** Opening Task data block **

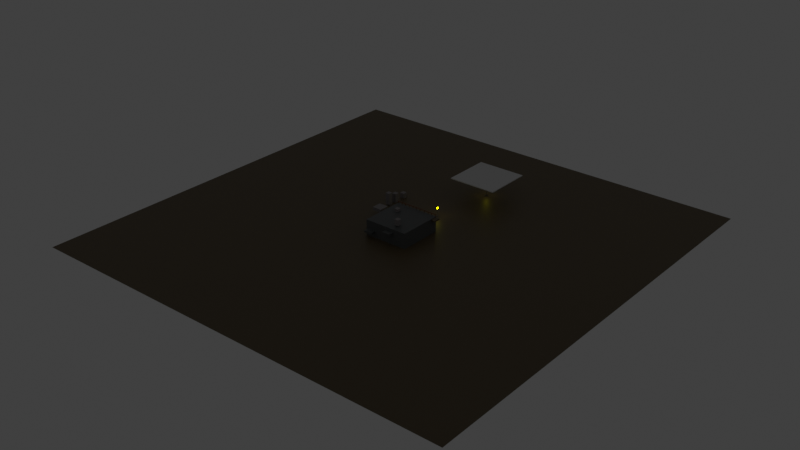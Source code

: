 # Source: map.blend  (saved by Blender 3.6.13; exported with 4.5.12 LTS)
import bpy
from mathutils import Matrix  # noqa: F401  (used for matrix-valued properties, if any)

bpy.ops.wm.read_factory_settings(use_empty=True)
scene = bpy.context.scene
scene.name = 'Scene'

# ---- collections
col_collection = bpy.data.collections.new('Collection'); scene.collection.children.link(col_collection)

# ---- materials (node trees are filled in below, after node groups)
mat_material_003 = bpy.data.materials.new('Material.003')
mat_material_003.use_transparent_shadow = False
mat_material_001 = bpy.data.materials.new('Material.001')
mat_material_001.use_transparent_shadow = False
mat_material_002 = bpy.data.materials.new('Material.002')
mat_material_002.use_transparent_shadow = False
mat_material_007 = bpy.data.materials.new('Material.007')
mat_material_007.use_transparent_shadow = False
mat_material_008 = bpy.data.materials.new('Material.008')
mat_material_008.use_transparent_shadow = False
mat_material = bpy.data.materials.new('Material')
mat_material.use_transparent_shadow = False
mat_material_004 = bpy.data.materials.new('Material.004')
mat_material_004.use_transparent_shadow = False
mat_material_005 = bpy.data.materials.new('Material.005')
mat_material_005.use_transparent_shadow = False

# ---- material node trees
mat_material_003.use_nodes = True; mat_material_003.node_tree.nodes.clear()
_N = mat_material_003.node_tree.nodes; _L = mat_material_003.node_tree.links
n0 = _N.new('ShaderNodeBsdfPrincipled'); n0.name = 'Principled BSDF'; n0.location = (10, 300)
n0.distribution = 'GGX'
n0.subsurface_method = 'RANDOM_WALK_SKIN'
n0.inputs[0].default_value = (0.2738, 0.251, 0.251, 0.0)
n0.inputs[3].default_value = 1.45
n0.inputs[27].default_value = (0.0, 0.0, 0.0, 1.0)
n0.inputs[28].default_value = 1.0
n1 = _N.new('ShaderNodeOutputMaterial'); n1.name = 'Material Output'; n1.location = (300, 300)
_L.new(n0.outputs[0], n1.inputs[0])
n1.is_active_output = True
mat_material_001.use_nodes = True; mat_material_001.node_tree.nodes.clear()
_N = mat_material_001.node_tree.nodes; _L = mat_material_001.node_tree.links
n0 = _N.new('ShaderNodeBsdfPrincipled'); n0.name = 'Principled BSDF'; n0.location = (10, 300)
n0.distribution = 'GGX'
n0.subsurface_method = 'RANDOM_WALK_SKIN'
n0.inputs[0].default_value = (0.1574, 0.1574, 0.1574, 1.0)
n0.inputs[3].default_value = 1.45
n0.inputs[27].default_value = (0.0, 0.0, 0.0, 1.0)
n0.inputs[28].default_value = 1.0
n1 = _N.new('ShaderNodeOutputMaterial'); n1.name = 'Material Output'; n1.location = (300, 300)
_L.new(n0.outputs[0], n1.inputs[0])
n1.is_active_output = True
mat_material_002.use_nodes = True; mat_material_002.node_tree.nodes.clear()
_N = mat_material_002.node_tree.nodes; _L = mat_material_002.node_tree.links
n0 = _N.new('ShaderNodeBsdfPrincipled'); n0.name = 'Principled BSDF'; n0.location = (10, 300)
n0.distribution = 'GGX'
n0.subsurface_method = 'RANDOM_WALK_SKIN'
n0.inputs[0].default_value = (0.1045, 0.1107, 0.1107, 0.0)
n0.inputs[3].default_value = 1.45
n0.inputs[27].default_value = (0.0, 0.0, 0.0, 1.0)
n0.inputs[28].default_value = 1.0
n1 = _N.new('ShaderNodeOutputMaterial'); n1.name = 'Material Output'; n1.location = (300, 300)
_L.new(n0.outputs[0], n1.inputs[0])
n1.is_active_output = True
mat_material_007.use_nodes = True; mat_material_007.node_tree.nodes.clear()
_N = mat_material_007.node_tree.nodes; _L = mat_material_007.node_tree.links
n0 = _N.new('ShaderNodeBsdfPrincipled'); n0.name = 'Principled BSDF'; n0.location = (10, 300)
n0.distribution = 'GGX'
n0.subsurface_method = 'RANDOM_WALK_SKIN'
n0.inputs[0].default_value = (0.8, 0.7157, 0.7947, 1.0)
n0.inputs[3].default_value = 1.45
n0.inputs[27].default_value = (0.0, 0.0, 0.0, 1.0)
n0.inputs[28].default_value = 1.0
n1 = _N.new('ShaderNodeOutputMaterial'); n1.name = 'Material Output'; n1.location = (300, 300)
_L.new(n0.outputs[0], n1.inputs[0])
n1.is_active_output = True
mat_material_008.use_nodes = True; mat_material_008.node_tree.nodes.clear()
_N = mat_material_008.node_tree.nodes; _L = mat_material_008.node_tree.links
n0 = _N.new('ShaderNodeBsdfPrincipled'); n0.name = 'Principled BSDF'; n0.location = (10, 300)
n0.distribution = 'GGX'
n0.subsurface_method = 'RANDOM_WALK_SKIN'
n0.inputs[0].default_value = (0.1237, 0.08885, 0.04281, 1.0)
n0.inputs[3].default_value = 1.45
n0.inputs[27].default_value = (0.0, 0.0, 0.0, 1.0)
n0.inputs[28].default_value = 1.0
n1 = _N.new('ShaderNodeOutputMaterial'); n1.name = 'Material Output'; n1.location = (300, 300)
_L.new(n0.outputs[0], n1.inputs[0])
n1.is_active_output = True
mat_material.use_nodes = True; mat_material.node_tree.nodes.clear()
_N = mat_material.node_tree.nodes; _L = mat_material.node_tree.links
n0 = _N.new('ShaderNodeBsdfPrincipled'); n0.name = 'Principled BSDF'; n0.location = (10, 300)
n0.distribution = 'GGX'
n0.subsurface_method = 'RANDOM_WALK_SKIN'
n0.inputs[0].default_value = (0.196, 0.05861, 0.01951, 1.0)
n0.inputs[3].default_value = 1.45
n0.inputs[27].default_value = (0.0, 0.0, 0.0, 1.0)
n0.inputs[28].default_value = 1.0
n1 = _N.new('ShaderNodeOutputMaterial'); n1.name = 'Material Output'; n1.location = (300, 300)
_L.new(n0.outputs[0], n1.inputs[0])
n1.is_active_output = True
mat_material_004.use_nodes = True; mat_material_004.node_tree.nodes.clear()
_N = mat_material_004.node_tree.nodes; _L = mat_material_004.node_tree.links
n0 = _N.new('ShaderNodeBsdfPrincipled'); n0.name = 'Principled BSDF'; n0.location = (10, 300)
n0.distribution = 'GGX'
n0.subsurface_method = 'RANDOM_WALK_SKIN'
n0.inputs[0].default_value = (0.3506, 0.3506, 0.3506, 1.0)
n0.inputs[1].default_value = 0.7323
n0.inputs[3].default_value = 1.45
n0.inputs[13].default_value = 0.815
n0.inputs[14].default_value = (0.9179, 0.9179, 0.9179, 1.0)
n0.inputs[27].default_value = (0.0, 0.0, 0.0, 1.0)
n0.inputs[28].default_value = 1.0
n1 = _N.new('ShaderNodeOutputMaterial'); n1.name = 'Material Output'; n1.location = (300, 300)
_L.new(n0.outputs[0], n1.inputs[0])
n1.is_active_output = True
mat_material_005.use_nodes = True; mat_material_005.node_tree.nodes.clear()
_N = mat_material_005.node_tree.nodes; _L = mat_material_005.node_tree.links
n0 = _N.new('ShaderNodeBsdfPrincipled'); n0.name = 'Principled BSDF'; n0.location = (10, 300)
n0.distribution = 'GGX'
n0.subsurface_method = 'RANDOM_WALK_SKIN'
n0.inputs[0].default_value = (0.8, 0.7217, 0.0, 1.0)
n0.inputs[3].default_value = 1.45
n0.inputs[27].default_value = (1.0, 0.8994, 0.0, 1.0)
n0.inputs[28].default_value = 16.4
n1 = _N.new('ShaderNodeOutputMaterial'); n1.name = 'Material Output'; n1.location = (300, 300)
_L.new(n0.outputs[0], n1.inputs[0])
n1.is_active_output = True

# ---- world
world_world = bpy.data.worlds.new('World'); scene.world = world_world
world_world.use_nodes = True; world_world.node_tree.nodes.clear()
_N = world_world.node_tree.nodes; _L = world_world.node_tree.links
n0 = _N.new('ShaderNodeOutputWorld'); n0.name = 'World Output'; n0.location = (300, 300)
n1 = _N.new('ShaderNodeBackground'); n1.name = 'Background'; n1.location = (10, 300)
n1.inputs[0].default_value = (0.05088, 0.05088, 0.05088, 1.0)
_L.new(n1.outputs[0], n0.inputs[0])
n0.is_active_output = True
world_world.color = (0.05088, 0.05088, 0.05088)
world_world.use_sun_shadow = False
world_world.sun_shadow_jitter_overblur = 0.0

# ---- meshes
me_cube_009 = bpy.data.meshes.new('Cube.009')
me_cube_009.from_pydata([(-21.46, 25.97, -1.092), (-21.46, 25.97, 0.9081), (-21.46, 27.97, -1.092), (-21.46, 27.97, 0.9081), (-19.46, 25.97, -1.092), (-19.46, 25.97, 0.9081), (-19.46, 27.97, -1.092), (-19.46, 27.97, 0.9081), (-9.603, -9.984, -0.4082), (-9.603, -9.984, 2.677), (-9.603, 10.35, -0.4082), (-9.603, 10.35, 2.677), (10.73, -9.984, -0.4082), (10.73, -9.984, 2.677), (10.73, 10.35, -0.4082), (10.73, 10.35, 2.677), (0.6472, -12.24, 1.841), (0.6472, -12.24, 2.125), (0.6472, -9.858, 1.841), (0.6472, -9.858, 2.125), (4.53, -12.24, 1.841), (4.53, -12.24, 2.125), (4.53, -9.858, 1.841), (4.53, -9.858, 2.125), (-8.944, -12.24, 0.8547), (-8.944, -12.24, 1.139), (-8.944, -9.858, 0.8547), (-8.944, -9.858, 1.139), (-5.061, -12.24, 0.8547), (-5.061, -12.24, 1.139), (-5.061, -9.858, 0.8547), (-5.061, -9.858, 1.139), (-5.666, 3.17, 2.436), (-5.666, 3.17, 3.15), (-5.666, 5.036, 2.436), (-5.666, 5.036, 3.15), (-3.801, 3.17, 2.436), (-3.801, 3.17, 3.15), (-3.801, 5.036, 2.436), (-3.801, 5.036, 3.15), (-21.46, 20.43, -0.4119), (-21.46, 20.43, 1.588), (-21.46, 22.43, -0.4119), (-21.46, 22.43, 1.588), (-19.46, 20.43, -0.4119), (-19.46, 20.43, 1.588), (-19.46, 22.43, -0.4119), (-19.46, 22.43, 1.588), (-21.46, 16.06, 0.2626), (-21.46, 16.06, 2.263), (-21.46, 18.06, 0.2626), (-21.46, 18.06, 2.263), (-19.46, 16.06, 0.2626), (-19.46, 16.06, 2.263), (-19.46, 18.06, 0.2626), (-19.46, 18.06, 2.263), (-19.15, 4.948, 0.9794), (-19.15, 4.948, 1.546), (-19.15, 9.4, 0.9794), (-19.15, 9.4, 1.546), (-14.7, 4.948, 0.9794), (-14.7, 4.948, 1.546), (-14.7, 9.4, 0.9794), (-14.7, 9.4, 1.546), (-13.11, -7.088, -0.2986), (-13.11, -7.088, -0.01438), (-13.11, -3.061, -0.2986), (-13.11, -3.061, -0.01438), (-9.231, -7.088, -0.2986), (-9.231, -7.088, -0.01438), (-9.231, -3.061, -0.2986), (-9.231, -3.061, -0.01438), (3.003, -7.153, 2.836), (3.003, -7.153, 3.828), (3.003, -5.154, 2.836), (3.003, -5.154, 3.828), (5.002, -7.153, 2.836), (5.002, -7.153, 3.828), (5.002, -5.154, 2.836), (5.002, -5.154, 3.828), (-9.726, 5.268, 0.9326), (-9.726, 5.268, 1.144), (-9.726, 9.641, 0.9326), (-9.726, 9.641, 1.144), (-7.728, 5.268, 0.9326), (-7.728, 5.268, 1.144), (-7.728, 9.641, 0.9326), (-7.728, 9.641, 1.144), (-9.726, 5.033, 1.702), (-9.726, 5.033, 1.914), (-9.726, 7.388, 1.702), (-9.726, 7.388, 1.914), (-7.728, 5.033, 1.702), (-7.728, 5.033, 1.914), (-7.728, 7.388, 1.702), (-7.728, 7.388, 1.914), (-21.6, 16.39, 0.9709), (-21.6, 16.39, 1.142), (-21.6, 17.73, 0.9709), (-21.6, 17.73, 1.142), (-21.12, 16.39, 0.9709), (-21.12, 16.39, 1.142), (-21.12, 17.73, 0.9709), (-21.12, 17.73, 1.142), (-21.6, 20.81, 0.9709), (-21.6, 20.81, 1.142), (-21.6, 22.15, 0.9709), (-21.6, 22.15, 1.142), (-21.12, 20.81, 0.9709), (-21.12, 20.81, 1.142), (-21.12, 22.15, 0.9709), (-21.12, 22.15, 1.142), (-6.421, 8.881, 1.084), (-6.421, 8.931, 1.295), (-6.421, 13.24, 0.9313), (-6.421, 13.29, 1.142), (-4.423, 8.881, 1.084), (-4.423, 8.931, 1.295), (-4.423, 13.24, 0.9313), (-4.423, 13.29, 1.142), (10.63, 6.987, 2.326), (10.63, 6.987, 2.581), (10.63, 10.27, 2.326), (10.63, 10.27, 2.581), (12.62, 6.987, 2.326), (12.62, 6.987, 2.581), (12.62, 10.27, 2.326), (12.62, 10.27, 2.581)], [], [(0, 1, 3, 2), (2, 3, 7, 6), (6, 7, 5, 4), (4, 5, 1, 0), (2, 6, 4, 0), (7, 3, 1, 5), (8, 9, 11, 10), (10, 11, 15, 14), (14, 15, 13, 12), (12, 13, 9, 8), (10, 14, 12, 8), (15, 11, 9, 13), (23, 19, 17, 21), (18, 19, 23, 22), (18, 22, 20, 16), (20, 21, 17, 16), (22, 23, 21, 20), (16, 17, 19, 18), (24, 25, 27, 26), (26, 27, 31, 30), (30, 31, 29, 28), (28, 29, 25, 24), (26, 30, 28, 24), (31, 27, 25, 29), (32, 33, 35, 34), (34, 35, 39, 38), (38, 39, 37, 36), (36, 37, 33, 32), (34, 38, 36, 32), (39, 35, 33, 37), (40, 41, 43, 42), (42, 43, 47, 46), (46, 47, 45, 44), (44, 45, 41, 40), (42, 46, 44, 40), (47, 43, 41, 45), (48, 49, 51, 50), (50, 51, 55, 54), (54, 55, 53, 52), (52, 53, 49, 48), (50, 54, 52, 48), (55, 51, 49, 53), (56, 57, 59, 58), (58, 59, 63, 62), (62, 63, 61, 60), (60, 61, 57, 56), (58, 62, 60, 56), (63, 59, 57, 61), (64, 65, 67, 66), (66, 67, 71, 70), (70, 71, 69, 68), (68, 69, 65, 64), (66, 70, 68, 64), (71, 67, 65, 69), (72, 73, 75, 74), (74, 75, 79, 78), (78, 79, 77, 76), (76, 77, 73, 72), (74, 78, 76, 72), (79, 75, 73, 77), (80, 81, 83, 82), (82, 83, 87, 86), (86, 87, 85, 84), (84, 85, 81, 80), (82, 86, 84, 80), (87, 83, 81, 85), (88, 89, 91, 90), (90, 91, 95, 94), (94, 95, 93, 92), (92, 93, 89, 88), (90, 94, 92, 88), (95, 91, 89, 93), (96, 97, 99, 98), (98, 99, 103, 102), (102, 103, 101, 100), (100, 101, 97, 96), (98, 102, 100, 96), (103, 99, 97, 101), (104, 105, 107, 106), (106, 107, 111, 110), (110, 111, 109, 108), (108, 109, 105, 104), (106, 110, 108, 104), (111, 107, 105, 109), (112, 113, 115, 114), (114, 115, 119, 118), (118, 119, 117, 116), (116, 117, 113, 112), (114, 118, 116, 112), (119, 115, 113, 117), (120, 121, 123, 122), (122, 123, 127, 126), (126, 127, 125, 124), (124, 125, 121, 120), (122, 126, 124, 120), (127, 123, 121, 125)])
me_cube_009.polygons.foreach_set('material_index', [0, 0, 0, 0, 0, 0, 2, 2, 2, 2, 2, 2, 2, 2, 2, 2, 2, 2, 2, 2, 2, 2, 2, 2, 0, 0, 0, 0, 0, 0, 0, 0, 0, 0, 0, 0, 0, 0, 0, 0, 0, 0, 0, 0, 0, 0, 0, 0, 2, 2, 2, 2, 2, 2, 0, 0, 0, 0, 0, 0, 0, 0, 0, 0, 0, 0, 0, 0, 0, 0, 0, 0, 0, 0, 0, 0, 0, 0, 0, 0, 0, 0, 0, 0, 0, 0, 0, 0, 0, 0, 4, 4, 4, 4, 4, 4])
_uv = me_cube_009.uv_layers.new(name='UVMap')
_uv.uv.foreach_set('vector', [0.375, 0.0, 0.625, 0.0, 0.625, 0.25, 0.375, 0.25, 0.375, 0.25, 0.625, 0.25, 0.625, 0.5, 0.375, 0.5, 0.375, 0.5, 0.625, 0.5, 0.625, 0.75, 0.375, 0.75, 0.375, 0.75, 0.625, 0.75, 0.625, 1.0, 0.375, 1.0, 0.125, 0.5, 0.375, 0.5, 0.375, 0.75, 0.125, 0.75, 0.625, 0.5, 0.875, 0.5, 0.875, 0.75, 0.625, 0.75, 0.375, 0.0, 0.625, 0.0, 0.625, 0.25, 0.375, 0.25, 0.375, 0.25, 0.625, 0.25, 0.625, 0.5, 0.375, 0.5, 0.375, 0.5, 0.625, 0.5, 0.625, 0.75, 0.375, 0.75, 0.375, 0.75, 0.625, 0.75, 0.625, 1.0, 0.375, 1.0, 0.125, 0.5, 0.375, 0.5, 0.375, 0.75, 0.125, 0.75, 0.625, 0.5, 0.875, 0.5, 0.875, 0.75, 0.625, 0.75, 0.625, 0.5, 0.875, 0.5, 0.875, 0.75, 0.625, 0.75, 0.375, 0.25, 0.625, 0.25, 0.625, 0.5, 0.375, 0.5, 0.125, 0.5, 0.375, 0.5, 0.375, 0.75, 0.125, 0.75, 0.375, 0.75, 0.625, 0.75, 0.625, 1.0, 0.375, 1.0, 0.375, 0.5, 0.625, 0.5, 0.625, 0.75, 0.375, 0.75, 0.375, 0.0, 0.625, 0.0, 0.625, 0.25, 0.375, 0.25, 0.375, 0.0, 0.625, 0.0, 0.625, 0.25, 0.375, 0.25, 0.375, 0.25, 0.625, 0.25, 0.625, 0.5, 0.375, 0.5, 0.375, 0.5, 0.625, 0.5, 0.625, 0.75, 0.375, 0.75, 0.375, 0.75, 0.625, 0.75, 0.625, 1.0, 0.375, 1.0, 0.125, 0.5, 0.375, 0.5, 0.375, 0.75, 0.125, 0.75, 0.625, 0.5, 0.875, 0.5, 0.875, 0.75, 0.625, 0.75, 0.375, 0.0, 0.625, 0.0, 0.625, 0.25, 0.375, 0.25, 0.375, 0.25, 0.625, 0.25, 0.625, 0.5, 0.375, 0.5, 0.375, 0.5, 0.625, 0.5, 0.625, 0.75, 0.375, 0.75, 0.375, 0.75, 0.625, 0.75, 0.625, 1.0, 0.375, 1.0, 0.125, 0.5, 0.375, 0.5, 0.375, 0.75, 0.125, 0.75, 0.625, 0.5, 0.875, 0.5, 0.875, 0.75, 0.625, 0.75, 0.375, 0.0, 0.625, 0.0, 0.625, 0.25, 0.375, 0.25, 0.375, 0.25, 0.625, 0.25, 0.625, 0.5, 0.375, 0.5, 0.375, 0.5, 0.625, 0.5, 0.625, 0.75, 0.375, 0.75, 0.375, 0.75, 0.625, 0.75, 0.625, 1.0, 0.375, 1.0, 0.125, 0.5, 0.375, 0.5, 0.375, 0.75, 0.125, 0.75, 0.625, 0.5, 0.875, 0.5, 0.875, 0.75, 0.625, 0.75, 0.375, 0.0, 0.625, 0.0, 0.625, 0.25, 0.375, 0.25, 0.375, 0.25, 0.625, 0.25, 0.625, 0.5, 0.375, 0.5, 0.375, 0.5, 0.625, 0.5, 0.625, 0.75, 0.375, 0.75, 0.375, 0.75, 0.625, 0.75, 0.625, 1.0, 0.375, 1.0, 0.125, 0.5, 0.375, 0.5, 0.375, 0.75, 0.125, 0.75, 0.625, 0.5, 0.875, 0.5, 0.875, 0.75, 0.625, 0.75, 0.375, 0.0, 0.625, 0.0, 0.625, 0.25, 0.375, 0.25, 0.375, 0.25, 0.625, 0.25, 0.625, 0.5, 0.375, 0.5, 0.375, 0.5, 0.625, 0.5, 0.625, 0.75, 0.375, 0.75, 0.375, 0.75, 0.625, 0.75, 0.625, 1.0, 0.375, 1.0, 0.125, 0.5, 0.375, 0.5, 0.375, 0.75, 0.125, 0.75, 0.625, 0.5, 0.875, 0.5, 0.875, 0.75, 0.625, 0.75, 0.375, 0.0, 0.625, 0.0, 0.625, 0.25, 0.375, 0.25, 0.375, 0.25, 0.625, 0.25, 0.625, 0.5, 0.375, 0.5, 0.375, 0.5, 0.625, 0.5, 0.625, 0.75, 0.375, 0.75, 0.375, 0.75, 0.625, 0.75, 0.625, 1.0, 0.375, 1.0, 0.125, 0.5, 0.375, 0.5, 0.375, 0.75, 0.125, 0.75, 0.625, 0.5, 0.875, 0.5, 0.875, 0.75, 0.625, 0.75, 0.375, 0.0, 0.625, 0.0, 0.625, 0.25, 0.375, 0.25, 0.375, 0.25, 0.625, 0.25, 0.625, 0.5, 0.375, 0.5, 0.375, 0.5, 0.625, 0.5, 0.625, 0.75, 0.375, 0.75, 0.375, 0.75, 0.625, 0.75, 0.625, 1.0, 0.375, 1.0, 0.125, 0.5, 0.375, 0.5, 0.375, 0.75, 0.125, 0.75, 0.625, 0.5, 0.875, 0.5, 0.875, 0.75, 0.625, 0.75, 0.375, 0.0, 0.625, 0.0, 0.625, 0.25, 0.375, 0.25, 0.375, 0.25, 0.625, 0.25, 0.625, 0.5, 0.375, 0.5, 0.375, 0.5, 0.625, 0.5, 0.625, 0.75, 0.375, 0.75, 0.375, 0.75, 0.625, 0.75, 0.625, 1.0, 0.375, 1.0, 0.125, 0.5, 0.375, 0.5, 0.375, 0.75, 0.125, 0.75, 0.625, 0.5, 0.875, 0.5, 0.875, 0.75, 0.625, 0.75, 0.375, 0.0, 0.625, 0.0, 0.625, 0.25, 0.375, 0.25, 0.375, 0.25, 0.625, 0.25, 0.625, 0.5, 0.375, 0.5, 0.375, 0.5, 0.625, 0.5, 0.625, 0.75, 0.375, 0.75, 0.375, 0.75, 0.625, 0.75, 0.625, 1.0, 0.375, 1.0, 0.125, 0.5, 0.375, 0.5, 0.375, 0.75, 0.125, 0.75, 0.625, 0.5, 0.875, 0.5, 0.875, 0.75, 0.625, 0.75, 0.375, 0.0, 0.625, 0.0, 0.625, 0.25, 0.375, 0.25, 0.375, 0.25, 0.625, 0.25, 0.625, 0.5, 0.375, 0.5, 0.375, 0.5, 0.625, 0.5, 0.625, 0.75, 0.375, 0.75, 0.375, 0.75, 0.625, 0.75, 0.625, 1.0, 0.375, 1.0, 0.125, 0.5, 0.375, 0.5, 0.375, 0.75, 0.125, 0.75, 0.625, 0.5, 0.875, 0.5, 0.875, 0.75, 0.625, 0.75, 0.375, 0.0, 0.625, 0.0, 0.625, 0.25, 0.375, 0.25, 0.375, 0.25, 0.625, 0.25, 0.625, 0.5, 0.375, 0.5, 0.375, 0.5, 0.625, 0.5, 0.625, 0.75, 0.375, 0.75, 0.375, 0.75, 0.625, 0.75, 0.625, 1.0, 0.375, 1.0, 0.125, 0.5, 0.375, 0.5, 0.375, 0.75, 0.125, 0.75, 0.625, 0.5, 0.875, 0.5, 0.875, 0.75, 0.625, 0.75, 0.375, 0.0, 0.625, 0.0, 0.625, 0.25, 0.375, 0.25, 0.375, 0.25, 0.625, 0.25, 0.625, 0.5, 0.375, 0.5, 0.375, 0.5, 0.625, 0.5, 0.625, 0.75, 0.375, 0.75, 0.375, 0.75, 0.625, 0.75, 0.625, 1.0, 0.375, 1.0, 0.125, 0.5, 0.375, 0.5, 0.375, 0.75, 0.125, 0.75, 0.625, 0.5, 0.875, 0.5, 0.875, 0.75, 0.625, 0.75, 0.375, 0.0, 0.625, 0.0, 0.625, 0.25, 0.375, 0.25, 0.375, 0.25, 0.625, 0.25, 0.625, 0.5, 0.375, 0.5, 0.375, 0.5, 0.625, 0.5, 0.625, 0.75, 0.375, 0.75, 0.375, 0.75, 0.625, 0.75, 0.625, 1.0, 0.375, 1.0, 0.125, 0.5, 0.375, 0.5, 0.375, 0.75, 0.125, 0.75, 0.625, 0.5, 0.875, 0.5, 0.875, 0.75, 0.625, 0.75])
me_cube_009.materials.append(mat_material_003)
me_cube_009.materials.append(mat_material_001)
me_cube_009.materials.append(mat_material_002)
me_cube_009.materials.append(mat_material_007)
me_cube_009.materials.append(mat_material_008)
me_cube_009.use_remesh_fix_poles = True
me_cube_009.use_remesh_preserve_attributes = False
me_cube_009.update()
me_cube = bpy.data.meshes.new('Cube')
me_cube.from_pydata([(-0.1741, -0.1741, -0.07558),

** Closing Task data block **

→ Required work
The expected output is the exact run of lines from the first line of the material above through the line that contains "bpy.ops.wm.read_factory_settings(use_empty=True)", minus any pictures.

→ Solution below
Source code

: # Source: map.blend  (saved by Blender 3.6.13; exported with 4.5.12 LTS)
import bpy
from mathutils import Matrix  # noqa: F401  (used for matrix-valued properties, if any)

bpy.ops.wm.read_factory_settings(use_empty=True)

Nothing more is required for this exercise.